Problem statement
Pick out the lines in the listing below that contain the word "CityJSON" and copy them.
START Material supplied
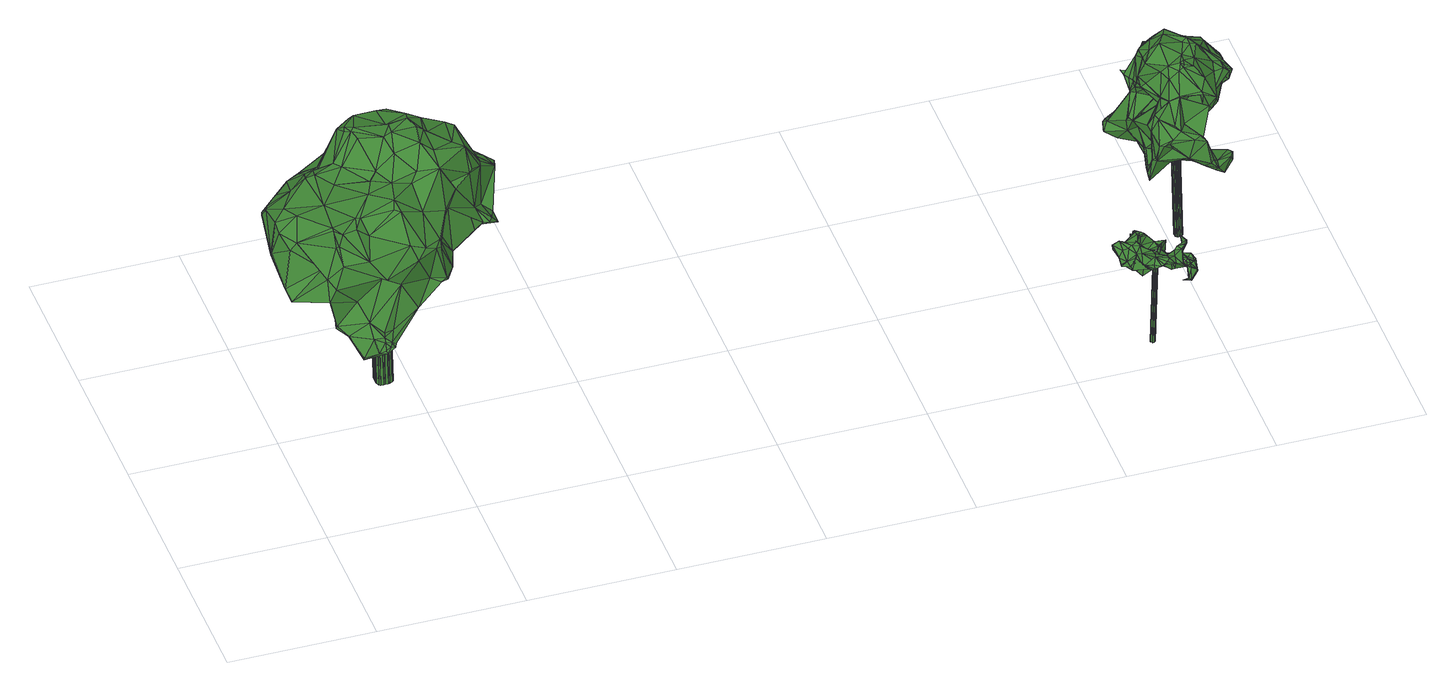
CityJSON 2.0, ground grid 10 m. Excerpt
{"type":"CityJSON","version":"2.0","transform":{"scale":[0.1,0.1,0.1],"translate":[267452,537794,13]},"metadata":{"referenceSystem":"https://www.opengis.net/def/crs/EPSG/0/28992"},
"CityObjects":{
"tree1":{"type":"SolitaryVegetationObject","attributes":{"gtid":114,"crown_width_m":14.62,"crown_median_z":27.14,"crown_r50_m":0.53,"crown_porosity":0.882,"trunk_H_m":13.43,"trunk_DBH_m":1.18,"trunk_radius_m":0.589,"trunk_base_height_m":13.71,"original_gtid":"122"},"geometry":[{"type":"Solid","lod":"3","boundaries":[[[[0,1,2]],[[3,4,5]],[[6,7,8]],[[9,10,11]],[[11,12,9]],[[13,14,15]],[[13,16,14]],[[17,18,19]],[[20,21,22]],[[23,24,25]],[[26,25,24]],[[27,28,6]],[[29,28,27]],[[11,10,30]],[[31,32,22]],[[2,1,33]],[[34,35,36]],[[37,38,33]],[[39,40,41]],[[25,41,40]],[[23,40,39]],[[32,42,36]],[[32,31,42]],[[43,44,45]],[[46,4,47]],[[48,49,36]],[[50,33,51]],[[52,53,27]],[[26,54,55]],[[53,56,57]],[[58,59,0]],[[60,61,62]],[[63,64,2]],[[9,65,66]],[[67,68,69]],[[70,51,1]],[[68,71,69]],[[19,72,73]],[[74,75,76]],[[22,77,31]],[[78,30,79]],[[80,81,69]],[[73,82,19]],[[63,83,64]],[[4,84,47]],[[46,5,4]],[[77,85,31]],[[86,87,88]],[[89,90,77]],[[91,92,14]],[[93,94,95]],[[96,97,72]],[[98,99,7]],[[42,31,48]],[[100,101,102]],[[103,102,101]],[[104,105,106]],[[107,106,105]],[[1,51,33]],[[108,81,100]],[[78,11,30]],[[81,108,69]],[[109,110,111]],[[88,112,113]],[[114,115,55]],[[116,117,118]],[[119,72,120]],[[121,15,122]],[[123,124,125]],[[126,127,128]],[[129,130,131]],[[132,133,103]],[[95,94,111]],[[109,134,110]],[[72,119,96]],[[135,118,136]],[[1,0,137]],[[73,97,138]],[[139,113,112]],[[140,141,142]],[[143,142,141]],[[65,144,145]],[[92,115,14]],[[146,147,148]],[[26,24,149]],[[150,151,106]],[[152,151,150]],[[153,154,140]],[[128,127,44]],[[53,155,156]],[[157,51,70]],[[140,158,141]],[[65,159,66]],[[120,71,68]],[[160,46,47]],[[128,78,126]],[[96,161,97]],[[134,156,110]],[[124,129,125]],[[159,162,66]],[[49,85,77]],[[86,163,87]],[[164,134,109]],[[111,110,165]],[[22,32,20]],[[166,46,167]],[[166,167,143]],[[134,27,156]],[[127,168,61]],[[36,42,48]],[[169,135,136]],[[170,171,172]],[[173,174,129]],[[175,8,7]],[[70,137,143]],[[176,177,133]],[[123,178,117]],[[75,37,76]],[[117,178,119]],[[161,96,178]],[[161,178,123]],[[135,179,118]],[[180,177,176]],[[68,136,120]],[[169,136,68]],[[104,181,182]],[[120,136,119]],[[93,35,34]],[[96,119,178]],[[133,180,103]],[[5,59,58]],[[68,179,169]],[[3,183,184]],[[70,1,137]],[[5,183,3]],[[16,180,185]],[[121,180,16]],[[58,184,183]],[[117,136,118]],[[176,133,132]],[[169,179,135]],[[132,103,101]],[[19,71,120]],[[19,120,72]],[[137,0,59]],[[43,186,44]],[[186,78,128]],[[133,177,180]],[[58,183,5]],[[119,136,117]],[[21,187,22]],[[64,188,189]],[[83,188,64]],[[185,180,176]],[[66,190,191]],[[179,68,67]],[[192,179,67]],[[193,100,67]],[[67,100,192]],[[9,12,65]],[[176,181,185]],[[181,176,132]],[[123,116,194]],[[195,194,116]],[[152,196,151]],[[197,151,196]],[[130,198,21]],[[69,108,67]],[[189,188,106]],[[83,106,188]],[[117,116,123]],[[74,76,199]],[[7,99,50]],[[138,97,200]],[[98,7,201]],[[85,48,31]],[[202,3,81]],[[124,203,129]],[[204,146,205]],[[189,106,107]],[[206,146,26]],[[122,15,207]],[[45,208,43]],[[209,210,94]],[[60,74,61]],[[173,95,211]],[[187,21,198]],[[203,124,212]],[[73,138,213]],[[86,15,114]],[[13,15,16]],[[187,198,113]],[[65,214,144]],[[90,162,215]],[[73,72,97]],[[187,216,89]],[[216,217,89]],[[75,74,60]],[[11,78,186]],[[19,18,71]],[[150,106,83]],[[37,218,76]],[[219,54,220]],[[221,26,222]],[[89,223,224]],[[225,2,226]],[[44,186,128]],[[111,94,109]],[[221,196,152]],[[142,153,140]],[[160,153,142]],[[58,105,104]],[[75,38,37]],[[127,61,74]],[[227,78,79]],[[147,227,79]],[[65,145,159]],[[187,113,139]],[[228,88,229]],[[228,86,88]],[[45,44,230]],[[164,145,144]],[[231,17,232]],[[233,17,231]],[[105,58,0]],[[234,235,236]],[[98,235,234]],[[186,208,11]],[[186,43,208]],[[130,129,203]],[[93,34,209]],[[98,201,172]],[[122,237,192]],[[76,218,99]],[[50,99,218]],[[238,45,236]],[[66,191,9]],[[234,199,98]],[[146,204,239]],[[146,239,26]],[[226,240,241]],[[226,241,105]],[[26,221,206]],[[144,29,164]],[[165,211,111]],[[111,211,95]],[[172,201,7]],[[172,7,6]],[[98,199,99]],[[76,99,199]],[[242,62,168]],[[206,221,152]],[[130,203,198]],[[125,129,174]],[[121,102,103]],[[63,242,83]],[[89,224,90]],[[16,15,121]],[[55,115,91]],[[205,146,191]],[[185,14,16]],[[162,223,190]],[[90,224,162]],[[87,223,89]],[[159,145,162]],[[198,203,113]],[[88,113,203]],[[3,84,4]],[[243,10,191]],[[65,12,214]],[[93,130,21]],[[156,27,53]],[[52,6,154]],[[94,90,215]],[[94,215,109]],[[27,134,29]],[[164,29,134]],[[163,205,190]],[[191,190,205]],[[228,207,15]],[[126,78,227]],[[93,209,94]],[[148,147,79]],[[237,122,207]],[[14,151,197]],[[237,207,244]],[[83,242,150]],[[245,125,174]],[[246,123,194]],[[172,235,98]],[[204,205,163]],[[85,49,48]],[[3,247,84]],[[140,8,158]],[[225,0,2]],[[39,54,219]],[[39,114,54]],[[118,248,116]],[[237,248,118]],[[57,232,17]],[[57,17,19]],[[39,219,23]],[[140,154,6]],[[25,40,23]],[[212,123,229]],[[246,229,123]],[[182,58,104]],[[184,58,182]],[[192,237,179]],[[45,249,236]],[[236,249,234]],[[163,114,39]],[[163,39,204]],[[162,224,223]],[[250,50,218]],[[250,218,37]],[[127,230,44]],[[162,190,66]],[[108,100,193]],[[163,190,87]],[[87,190,223]],[[184,182,251]],[[132,251,182]],[[206,147,146]],[[192,100,102]],[[121,192,102]],[[122,192,121]],[[121,103,180]],[[149,23,252]],[[152,150,242]],[[152,242,126]],[[62,38,75]],[[62,75,60]],[[47,233,253]],[[242,63,38]],[[242,38,62]],[[14,181,104]],[[185,181,14]],[[149,24,23]],[[228,244,207]],[[245,161,123]],[[6,8,140]],[[187,139,216]],[[211,200,174]],[[174,200,97]],[[245,174,97]],[[191,146,148]],[[57,19,82]],[[69,71,80]],[[80,247,202]],[[202,247,3]],[[245,123,125]],[[231,254,233]],[[195,246,194]],[[214,12,255]],[[143,141,158]],[[245,97,161]],[[80,18,247]],[[71,18,80]],[[247,18,233]],[[47,247,233]],[[17,233,18]],[[84,247,47]],[[256,53,57]],[[256,155,53]],[[129,131,173]],[[173,211,174]],[[15,115,114]],[[195,248,244]],[[237,244,248]],[[193,67,108]],[[81,251,100]],[[116,248,195]],[[26,23,220]],[[252,23,26]],[[202,81,80]],[[132,101,251]],[[217,139,87]],[[217,87,89]],[[257,171,28]],[[228,195,244]],[[49,77,90]],[[147,126,227]],[[187,258,22]],[[230,249,45]],[[52,56,53]],[[154,56,52]],[[100,251,101]],[[106,151,104]],[[14,104,151]],[[216,139,217]],[[3,251,81]],[[55,91,14]],[[118,179,237]],[[212,88,203]],[[51,157,175]],[[51,175,50]],[[93,131,130]],[[257,235,171]],[[52,27,6]],[[189,240,64]],[[257,11,235]],[[219,220,23]],[[144,214,29]],[[29,214,28]],[[214,255,28]],[[49,34,36]],[[64,240,2]],[[226,2,240]],[[88,259,260]],[[165,261,213]],[[262,261,165]],[[256,261,262]],[[256,262,155]],[[165,110,262]],[[156,262,110]],[[95,173,131]],[[95,131,93]],[[155,262,156]],[[143,167,142]],[[213,261,82]],[[213,82,73]],[[256,82,261]],[[256,57,82]],[[46,160,167]],[[26,239,25]],[[20,35,21]],[[32,35,20]],[[56,153,254]],[[56,254,232]],[[231,232,254]],[[41,25,239]],[[39,41,239]],[[189,107,241]],[[189,241,240]],[[11,238,235]],[[236,235,238]],[[184,251,3]],[[142,167,160]],[[62,61,168]],[[242,168,126]],[[127,126,168]],[[230,74,199]],[[74,230,127]],[[234,249,199]],[[230,199,249]],[[212,124,123]],[[212,229,88]],[[228,246,195]],[[88,260,112]],[[138,263,213]],[[50,175,7]],[[211,263,200]],[[206,152,147]],[[126,147,152]],[[94,210,90]],[[232,57,56]],[[105,241,107]],[[235,172,171]],[[138,200,263]],[[175,158,8]],[[157,70,158]],[[175,157,158]],[[181,132,182]],[[225,226,0]],[[153,56,154]],[[143,158,70]],[[139,259,87]],[[112,259,139]],[[26,220,54]],[[87,259,88]],[[49,90,210]],[[55,197,196]],[[55,196,222]],[[86,228,15]],[[91,115,92]],[[105,0,226]],[[165,263,211]],[[213,263,165]],[[34,49,210]],[[34,210,209]],[[238,208,45]],[[11,208,238]],[[15,14,115]],[[170,6,171]],[[28,171,6]],[[163,264,114]],[[114,264,86]],[[163,86,264]],[[63,2,265]],[[33,265,2]],[[47,253,160]],[[109,215,164]],[[145,215,162]],[[164,215,145]],[[257,12,11]],[[137,59,166]],[[137,166,143]],[[5,166,59]],[[46,166,5]],[[160,254,153]],[[33,250,37]],[[252,266,149]],[[26,149,266]],[[26,266,252]],[[21,35,93]],[[254,253,233]],[[255,12,257]],[[243,148,79]],[[191,10,9]],[[255,257,28]],[[148,243,191]],[[36,35,32]],[[30,10,243]],[[30,243,79]],[[33,50,250]],[[112,260,259]],[[228,229,246]],[[26,55,222]],[[197,55,14]],[[54,114,55]],[[222,196,221]],[[170,172,6]],[[39,267,204]],[[239,204,267]],[[239,267,39]],[[38,265,33]],[[38,63,265]],[[254,160,253]],[[89,258,187]],[[77,22,258]],[[77,258,89]],[[268,269,270]],[[268,270,271]],[[271,270,272]],[[271,272,273]],[[270,269,274]],[[270,274,272]],[[272,274,275]],[[272,275,273]],[[274,269,276]],[[274,276,275]],[[275,276,277]],[[275,277,273]],[[276,269,278]],[[276,278,277]],[[277,278,279]],[[277,279,273]],[[278,269,280]],[[278,280,279]],[[279,280,281]],[[279,281,273]],[[280,269,282]],[[280,282,281]],[[281,282,283]],[[281,283,273]],[[282,269,284]],[[282,284,283]],[[283,284,285]],[[283,285,273]],[[284,269,286]],[[284,286,285]],[[285,286,287]],[[285,287,273]],[[286,269,288]],[[286,288,287]],[[287,288,289]],[[287,289,273]],[[288,269,290]],[[288,290,289]],[[289,290,291]],[[289,291,273]],[[290,269,292]],[[290,292,291]],[[291,292,293]],[[291,293,273]],[[292,269,294]],[[292,294,293]],[[293,294,295]],[[293,295,273]],[[294,269,296]],[[294,296,295]],[[295,296,297]],[[295,297,273]],[[296,269,298]],[[296,298,297]],[[297,298,299]],[[297,299,273]],[[298,269,300]],[[298,300,299]],[[299,300,301]],[[299,301,273]],[[300,269,302]],[[300,302,301]],[[301,302,303]],[[301,303,273]],[[302,269,304]],[[302,304,303]],[[303,304,305]],[[303,305,273]],[[304,269,306]],[[304,306,305]],[[305,306,307]],[[305,307,273]],[[306,269,308]],[[306,308,307]],[[307,308,309]],[[307,309,273]],[[308,269,310]],[[308,310,309]],[[309,310,311]],[[309,311,273]],[[310,269,312]],[[310,312,311]],[[311,312,313]],[[311,313,273]],[[312,269,314]],[[312,314,313]],[[313,314,315]],[[313,315,273]],[[314,269,316]],[[314,316,315]],[[315,316,317]],[[315,317,273]],[[316,269,268]],[[316,268,317]],[[317,268,271]],[[317,271,273]]]]}]},
"tree2":{"type":"SolitaryVegetationObject","attributes":{"gtid":444,"crown_width_m":4.63,"crown_median_z":20.69,"crown_r50_m":0.242,"crown_porosity":0.945,"trunk_H_m":7.1,"trunk_DBH_m":0.213,"trunk_radius_m":0.106,"trunk_base_height_m":13.59,"original_gtid":"504"},"geometry":[{"type":"MultiSurface","lod":"3","boundaries":[[[318,319,320]],[[321,322,323]],[[324,325,326]],[[327,328,329]],[[330,331,332]],[[333,334,335]],[[326,325,336]],[[319,318,337]],[[338,339,340]],[[338,340,341]],[[342,343,344]],[[345,346,347]],[[348,349,350]],[[351,352,353]],[[342,354,355]],[[356,357,332]],[[358,359,360]],[[358,360,361]],[[362,360,363]],[[361,360,362]],[[364,365,366]],[[367,368,321]],[[333,335,369]],[[364,366,370]],[[371,372,373]],[[333,369,374]],[[375,376,355]],[[322,377,378]],[[379,380,344]],[[322,368,377]],[[381,382,383]],[[350,349,384]],[[363,385,362]],[[386,362,385]],[[387,385,362]],[[388,385,387]],[[389,372,371]],[[355,376,390]],[[391,392,393]],[[394,395,334]],[[334,395,396]],[[334,333,394]],[[363,360,359]],[[363,359,341]],[[397,398,399]],[[400,401,402]],[[403,404,405]],[[406,337,407]],[[357,356,382]],[[408,409,410]],[[330,411,412]],[[413,414,415]],[[416,339,338]],[[417,418,419]],[[333,410,394]],[[374,410,333]],[[405,377,378]],[[320,390,318]],[[420,408,421]],[[395,422,396]],[[398,397,423]],[[388,387,424]],[[370,425,389]],[[426,348,350]],[[336,325,427]],[[324,336,427]],[[426,343,342]],[[426,342,428]],[[403,405,377]],[[429,375,355]],[[373,430,431]],[[432,400,402]],[[365,328,373]],[[432,433,434]],[[435,436,339]],[[329,328,365]],[[423,350,437]],[[356,332,382]],[[429,435,407]],[[429,380,435]],[[331,326,336]],[[389,329,370]],[[345,391,346]],[[362,391,345]],[[383,438,439]],[[396,422,440]],[[398,423,441]],[[442,443,409]],[[351,346,391]],[[444,433,432]],[[444,432,445]],[[351,430,352]],[[388,446,447]],[[371,431,430]],[[448,449,424]],[[426,350,379]],[[384,379,350]],[[446,450,451]],[[452,374,386]],[[453,349,348]],[[383,382,454]],[[428,411,332]],[[330,332,411]],[[335,334,396]],[[335,396,440]],[[324,427,454]],[[415,440,413]],[[413,455,414]],[[455,413,417]],[[448,456,449]],[[399,457,397]],[[458,427,459]],[[353,328,327]],[[343,426,344]],[[367,460,368]],[[441,423,355]],[[442,461,415]],[[345,347,361]],[[345,361,362]],[[346,352,351]],[[423,397,411]],[[320,319,462]],[[377,368,403]],[[447,463,385]],[[348,426,428]],[[406,464,337]],[[465,416,338]],[[387,362,466]],[[467,458,459]],[[452,468,410]],[[469,470,395]],[[339,436,340]],[[328,352,460]],[[442,409,461]],[[384,432,434]],[[386,466,362]],[[430,393,431]],[[351,393,430]],[[391,393,351]],[[445,418,468]],[[432,402,445]],[[321,368,322]],[[417,395,418]],[[412,326,330]],[[419,455,417]],[[331,330,326]],[[409,443,410]],[[471,410,443]],[[376,318,390]],[[407,416,406]],[[407,435,416]],[[318,376,407]],[[318,407,337]],[[376,375,407]],[[375,429,407]],[[451,472,433]],[[426,379,344]],[[465,464,406]],[[449,446,388]],[[344,354,342]],[[455,473,326]],[[329,365,370]],[[420,422,440]],[[386,387,452]],[[394,410,395]],[[369,335,421]],[[419,324,455]],[[423,437,355]],[[338,328,460]],[[399,471,443]],[[474,464,465]],[[412,411,397]],[[469,418,470]],[[374,452,410]],[[359,338,341]],[[365,364,370]],[[371,430,353]],[[475,321,368]],[[428,342,350]],[[453,384,349]],[[420,461,408]],[[383,439,381]],[[348,381,439]],[[428,350,476]],[[408,461,409]],[[332,357,477]],[[332,477,428]],[[322,378,462]],[[322,462,323]],[[369,424,387]],[[474,367,321]],[[474,465,367]],[[377,368,321]],[[462,319,323]],[[452,424,410]],[[449,456,450]],[[382,477,357]],[[381,477,382]],[[466,386,374]],[[380,355,354]],[[380,354,344]],[[445,468,444]],[[433,472,434]],[[339,416,435]],[[358,361,346]],[[437,350,478]],[[459,427,479]],[[415,414,442]],[[366,425,370]],[[456,448,363]],[[480,463,481]],[[413,440,422]],[[385,387,386]],[[466,374,387]],[[438,383,458]],[[419,459,324]],[[470,459,419]],[[378,377,321]],[[430,392,351]],[[347,346,361]],[[465,338,367]],[[460,367,338]],[[481,463,447]],[[391,358,480]],[[385,480,358]],[[444,471,399]],[[355,390,441]],[[410,424,408]],[[448,424,452]],[[476,350,411]],[[395,410,469]],[[374,369,387]],[[469,470,479]],[[389,371,329]],[[459,479,418]],[[459,418,445]],[[359,460,338]],[[455,326,412]],[[418,479,470]],[[448,387,385]],[[452,387,448]],[[414,455,457]],[[433,444,482]],[[398,450,399]],[[416,465,406]],[[448,385,363]],[[449,450,446]],[[404,391,480]],[[355,478,342]],[[437,478,355]],[[362,385,391]],[[363,341,456]],[[399,450,444]],[[388,447,385]],[[429,355,380]],[[449,388,424]],[[474,337,464]],[[436,434,472]],[[481,447,451]],[[384,434,379]],[[436,379,434]],[[346,391,403]],[[430,431,392]],[[351,392,391]],[[332,331,454]],[[332,454,382]],[[474,319,337]],[[468,410,471]],[[468,471,444]],[[321,323,319]],[[319,474,321]],[[439,402,401]],[[372,425,373]],[[385,463,480]],[[462,321,475]],[[378,321,462]],[[467,402,438]],[[467,445,402]],[[439,438,402]],[[327,329,371]],[[372,389,425]],[[451,450,441]],[[348,477,381]],[[371,353,327]],[[348,428,477]],[[371,373,431]],[[435,483,436]],[[379,436,483]],[[379,483,380]],[[435,380,483]],[[411,350,423]],[[469,410,418]],[[468,418,410]],[[425,365,373]],[[424,421,408]],[[424,369,421]],[[443,457,399]],[[340,436,472]],[[470,479,459]],[[454,458,383]],[[384,453,432]],[[467,459,445]],[[454,427,458]],[[438,458,467]],[[450,456,451]],[[450,451,482]],[[324,459,479]],[[451,456,481]],[[456,341,481]],[[481,341,484]],[[439,453,348]],[[368,460,485]],[[480,485,460]],[[485,475,368]],[[444,450,482]],[[358,460,359]],[[485,480,475]],[[480,481,475]],[[475,486,320]],[[462,475,320]],[[482,451,433]],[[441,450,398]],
END Material supplied
Response area
CityJSON 2.0, ground grid 10 m. Excerpt
{"type":"CityJSON","version":"2.0","transform":{"scale":[0.1,0.1,0.1],"translate":[267452,537794,13]},"metadata":{"referenceSystem":"https://www.opengis.net/def/crs/EPSG/0/28992"},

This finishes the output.